Diagnosing Procedural Failure
My prompt:
Generate a short story about a low-level technician who thinks of herself as a cultural anthropologist conducting an informal participant observation study within her organisation.
She has recently become interested in David Graeber's work. Include multiple essayistic digressions (not labelled as such) inspired by her reading.
Primary focus: diagnosing pathologies of workplace culture, investigating specific procedural failures
Assume: individual targeting, weaponised gossip, epistemic injustice
Setting: Berlin, 2024. The setting should feel integral to the narrative rather than merely incidental.
No dialogue. No tortured metaphors. Prioritise readability and flow.
Should work as a coherent piece of fiction.
Stylistic models: Philip Roth and John Updike
—
Responses: Claude Sonnet 4.5, GPT 5.2 Thinking
I asked ChatGPT, Claude and Gemini to critically assess the linked stories using this article by Sam Kriss as a thematic guide.
-
Assessments of Claude Sonnet 4.5’s “The Participant Observer”
GPT 5.2 Thinking: “As an answer to the original prompt, it’s competent and often effective. As a piece of fiction in a Roth/Updike register, it’s too frictionless—and, per your thematic guide, it carries several of the modern ‘AI house voice’ fingerprints (especially the em-dash + ‘not X but Y’ engine) that make prose feel composed rather than lived.”
Claude Sonnet 4.5: “The story succeeds primarily because it stays concrete and resists AI's tendency toward vaporous profundity. But the prompt's request for ‘essayistic digressions inspired by reading Graeber’ may have inadvertently encouraged exactly the kind of pre-digested theoretical pronouncements that AI excels at producing.”

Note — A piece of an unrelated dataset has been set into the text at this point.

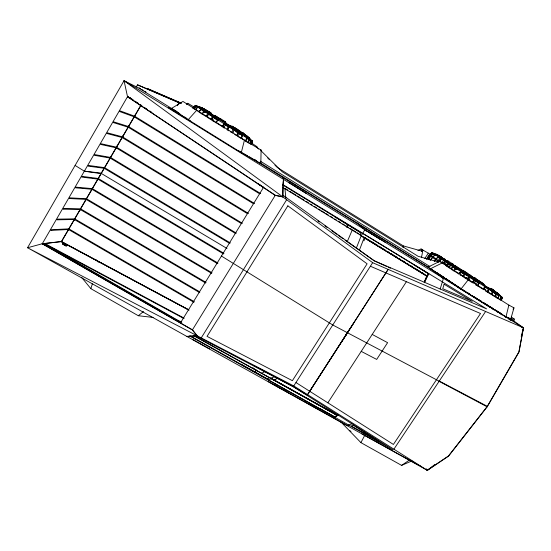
<?xml version="1.0" encoding="UTF-8"?>
<svg xmlns="http://www.w3.org/2000/svg" width="551" height="551" viewBox="0 0 551 551"><rect width="100%" height="100%" fill="white"/><g stroke="black" fill="none" stroke-linecap="round" stroke-linejoin="round"><path stroke-width="0.83" d="M180.659 114.629L168.709 107.638L241.29 152.641L260.83 163.571L261.091 150.072L260.52 149.521M282.821 176.83L283.483 179.344L282.808 196.9L275.218 195.378L127.522 96.714L124.044 80.694L138.79 88.084L176.726 111.633M225.352 123.624L226.675 124.857L225.318 124.009M43.722 244.623L42.275 243.742L127.522 96.714L275.286 195.268L282.808 196.9L282.801 184.516L283.483 179.344M421.467 257.579L422.672 251.339L403.339 245.911L277.373 167.518L274.97 165.142M513.794 321.605L514.283 319.07L511.349 317.039M174.757 110.345L179.736 113.664M225.028 125.401L225.951 122.859L219.656 118.92L218.781 119.147L218.272 120.001M246.29 138.831L245.739 141.27L247.668 142.42M248.308 142.805L249.038 139.575L246.4 137.908M402.995 247.461L403.339 245.911M252.021 141.325L251.256 144.472L251.593 144.61L252.351 141.476L250.76 140.533M439.085 381.333L487.167 406.817L519.008 352.02L523.45 327.817L511.548 319.346L505.983 316.839L508.869 305.096L439.691 261.339L428.12 267.063L443.459 278.331L440.166 289.013M241.29 152.641L244.444 140.154L182.932 101.432L171.513 108.437L188.194 119.725L196.645 110.331M225.366 125.132L225.951 122.859L225.125 123.114L223.196 126.234M225.159 123.527L225.593 121.867L220.069 118.417L219.401 118.603M500.198 299.999L500.983 296.996L502.044 297.616L501.258 300.605M495.37 297.106L496.169 294.069L493.655 292.471L498.738 295.646L497.939 298.67M521.212 336.42L523.374 328.21M251.669 144.424L252.537 141.18L249.018 137.798M237.509 136.255L238.369 133.039L237.185 132.274M241.001 134.637L242.192 135.401L241.338 138.604L238.142 136.648M246.8 137.233L246.207 136.91L251.222 140.601L250.333 143.887L251.352 144.452L252.241 141.194L246.889 137.426M250.016 143.708L250.939 140.436L246.786 137.275L249.403 139.52L248.473 142.812L249.507 143.405M508.869 305.096L513.973 307.837L510.791 318.946L511.48 319.428M499.543 295.295L502.23 297.416L501.32 300.543L502.23 297.416L498.958 294.84M153.116 317.438L138.322 315.73L90.874 288.669L92.354 283.806M496.699 292.85L499.041 295.432L498.042 298.504L500.363 299.882L501.355 296.831L499.02 294.262L496.699 292.85L495.804 294.2M239.83 134.334L240.718 132.86L242.564 135.202L241.455 138.432L245.043 140.608M245.76 141.042L246.855 137.833L245.016 135.505L240.436 132.633L237.15 129.822L233.796 129.382M487.463 292.237L488.475 289.303L487.242 288.497M483.413 289.716L484.432 286.782L488.475 289.303M359.362 250.271L364.369 237.164L365.823 238.06M356.332 248.129L361.373 235.325L359.982 234.471M494.254 292.133L490.156 289.578L496.114 293.773L494.936 296.755L492.539 295.281M491.94 294.909L493.124 291.92L491.265 290.287M227.046 129.802L228.142 126.654M222.411 126.916L223.644 123.892L228.272 126.778M426.963 275.658L424.435 281.795L427.004 276.141L282.945 187.554M363.922 240.856L365.244 237.729M487.125 287.581L490.865 289.909L492.408 291.479L491.148 294.427L487.766 292.333L489.026 289.378L485.899 286.52L488.661 288.29M347.233 241.696L352.358 229.774L350.154 228.424M232.729 133.218L234.127 130.132L232.439 128.555L238.142 132.619L236.758 135.704L234.74 134.465M473.082 283.242L474.294 280.39M477.469 285.997L478.743 283.221L474.259 280.349M424.614 282.353L428.699 273.544L426.908 276.292L361.959 236.365L427.08 276.023M230.27 131.703L231.702 132.584L233.197 129.554C232.894 128.163 225.938 123.865 228.913 126.888L227.411 129.933L228.844 130.814M424.153 282.498L428.699 273.544M513.973 307.837L513.043 309.221M412.038 460.87L401.583 465.375L360.905 442.625L365.065 434.773M439.278 381.044L487.449 406.404L448.542 456.132L427.314 470.306L293.855 385.982L27.55 247.75L427.314 470.306L448.452 456.001L487.222 406.5L518.877 351.944L523.45 327.817L124.044 80.694L27.55 247.75L42.275 243.742L61.354 241.613L140.953 105.062M66.451 244.975C56.161 239.823 73.862 248.301 62.621 243.804M63.055 244.355L66.947 245.415L63.055 244.355L66.223 246.056L66.947 245.415M66.223 246.056L63.117 244.251M476.408 280.886L477.917 280.376L478.805 281.657L484.715 285.411L485.011 286.734L483.468 289.523L477.607 285.852L479.156 283.069L478.881 281.761L477.979 283.124M215.861 122.818L217.425 120.001L213.044 117.246L211.481 120.063M177.422 105.723L179.075 102.803L180.625 103.278L138.811 85.343L137.502 84.861L136.214 87.079M44.369 244.947L45.051 244.761L42.957 243.563L42.275 243.742L192.437 329.842L197.113 335.766L186.823 336.42L197.113 335.766L192.375 329.953L275.286 195.268M188.339 309.758L61.457 241.799L140.884 105.565M111.013 156.649L111.385 156.009L110.179 158.096L235.256 233.328M116.991 146.387L117.37 145.739L116.171 147.847L241.29 223.486M122.997 136.09L123.369 135.443L122.184 137.557L247.378 213.63M135.071 115.379L135.45 114.732L134.272 116.874L259.549 193.773M178.317 104.284L179.171 102.83L178.366 104.187M187.009 104.635L187.815 103.278L194.159 107.114M263.433 187.505L180.432 322.962M91.156 190.708L92.361 188.656L217.982 263.089M199.634 108.03L200.123 107.204L207.169 110.868L202.3 108.506M203.663 111.357L204.4 110.124L201.074 109.229L197.83 107.149L195.412 109.546L198.635 111.646L201.074 109.229M211.901 115.744L209.408 112.452L204.779 110.31L204.276 111.164L208.836 113.403L209.931 114.732M207.155 111.743L207.672 110.868L201.287 107.507C205.964 109.429 209.098 112.886 213.196 115.586M225.09 122.701L225.593 121.867L224.898 122.033M234.946 130.477L236.579 130.766L237.15 129.822L241.455 132.474L244.734 135.277M238.948 131.427L239.451 130.587L235.491 128.087L233.893 127.908M240.436 132.633L239.926 133.48L236.579 130.766M242.082 133.542L242.598 132.681L243.156 132.984L249.548 138.143L249.052 138.962L244.499 135.56L245.057 134.637L241.793 133.473M85.26 200.812L86.479 198.773L212.039 272.793M248.15 138.329L248.646 137.523L242.598 132.681L240.105 132.082L238.004 130.739M341.668 341.778L388.159 269.391L307.541 394.626L349.603 329.291M79.757 210.255L80.618 208.857L206.074 282.449M79.392 210.881L80.246 209.49L205.702 283.049M201.239 337.908L286.658 199.717M73.91 220.29L74.771 218.905L199.428 291.651M73.545 220.917L74.406 219.532L199.799 292.691M269.081 377.27L267.903 379.143L240.945 364.135M255.079 372.173L256.525 369.886M346.607 227.274L348.129 224.87M338.121 415.075L335.008 417.369L336.709 414.758L270.858 378.179L268.275 381.76M361.229 235.918L364.858 229.698L357.151 222.99M366.215 231.2L366.415 230.883L380.08 239.334M67.711 230.917L68.951 228.92L194.283 301.693M225.056 123.128L222.384 126.654L216.006 122.666L218.713 119.161L225.125 123.114M428.086 256.938L428.823 255.788M359.996 234.044L360.788 232.818L334.595 216.653M309.71 391.258L353.308 323.712M421.942 251.566L422.817 250.209L421.019 248.983L417.982 250.471M327.873 402.795L406.39 281.706M424.8 258.536L428.299 253.15L430.448 254.493M440.228 258.736L441.048 257.482L438.286 256.78L435.118 254.741L432.962 256.78L436.117 258.832L438.286 256.78M441.027 257.73L441.537 256.945L435.745 253.956L435.29 254.658L436.729 255.395M439.615 257.537L440.89 258.35L441.358 257.634L445.16 259.369L447.515 262.662M445.683 261.518L444.636 260.175L445.16 259.369L438.169 255.595M459.265 269.776C458.356 268.406 452.977 262.799 451.73 265.534L459.307 269.818M459.5 269.549L460.03 268.736L454.513 265.272L454.1 265.692L459.651 269.177L460.03 268.736M461.38 270.913L461.924 270.08L466.339 272.828L467.971 275.665M462.303 273.234L463.198 271.877L458.535 268.916L456.125 268.516L453.914 270.823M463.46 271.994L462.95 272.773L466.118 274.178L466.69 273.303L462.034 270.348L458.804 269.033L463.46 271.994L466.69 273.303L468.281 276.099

Gemini 3 Pro: “The story is a competent piece of ‘sleek and precise’ prose, yet it fails to capture the specific stylistic models requested (Roth and Updike). Instead, it falls victim to several of the exact ‘telltale signs" Kriss identifies as the ‘bizarre prose of the machine’. While it successfully avoids the most egregious vocabulary traps (like ‘delve’ or ‘tapestry’), it heavily relies on the structural tics—specifically the ‘Not X, but Y’ construction and the obsession with em dashes—that Kriss flags as the signature of the ‘Omniwriter’.”
-
Assessments of GPT-5.2 Thinking’s “Runbook for a Berlin Institute”
GPT 5.2 Thinking: “It’s a strong ‘workplace culture diagnosis’ essay-fiction hybrid, but it’s still too rhetorically upholstered and too morally symmetrical to feel like Roth/Updike—or like a single, irreplaceable person telling you what happened.”
Claude Sonnet 4.5: “This is high-quality AI writing that has successfully studied and avoided the crude markers of its predecessors. It reads like competent literary fiction and would likely pass undetected in many contexts. But it lacks the essential quality the kriss.txt article points to: the ‘small, strange way’ that genuinely human observation connects disparate experiences through lived reality rather than statistical correlation. It's not that it's bad—it's that it's executing a template for ‘literary fiction about workplace pathology’ rather than discovering that story through the messy process of actually writing it.”
Gemini 3 Pro: “While the story is stylistically cohesive and follows the prompt's negative constraints (no tortured metaphors), it confirms Kriss's central thesis: ‘Once, there were many writers, and many different styles. Now, increasingly, one uncredited author turns out essentially everything’.”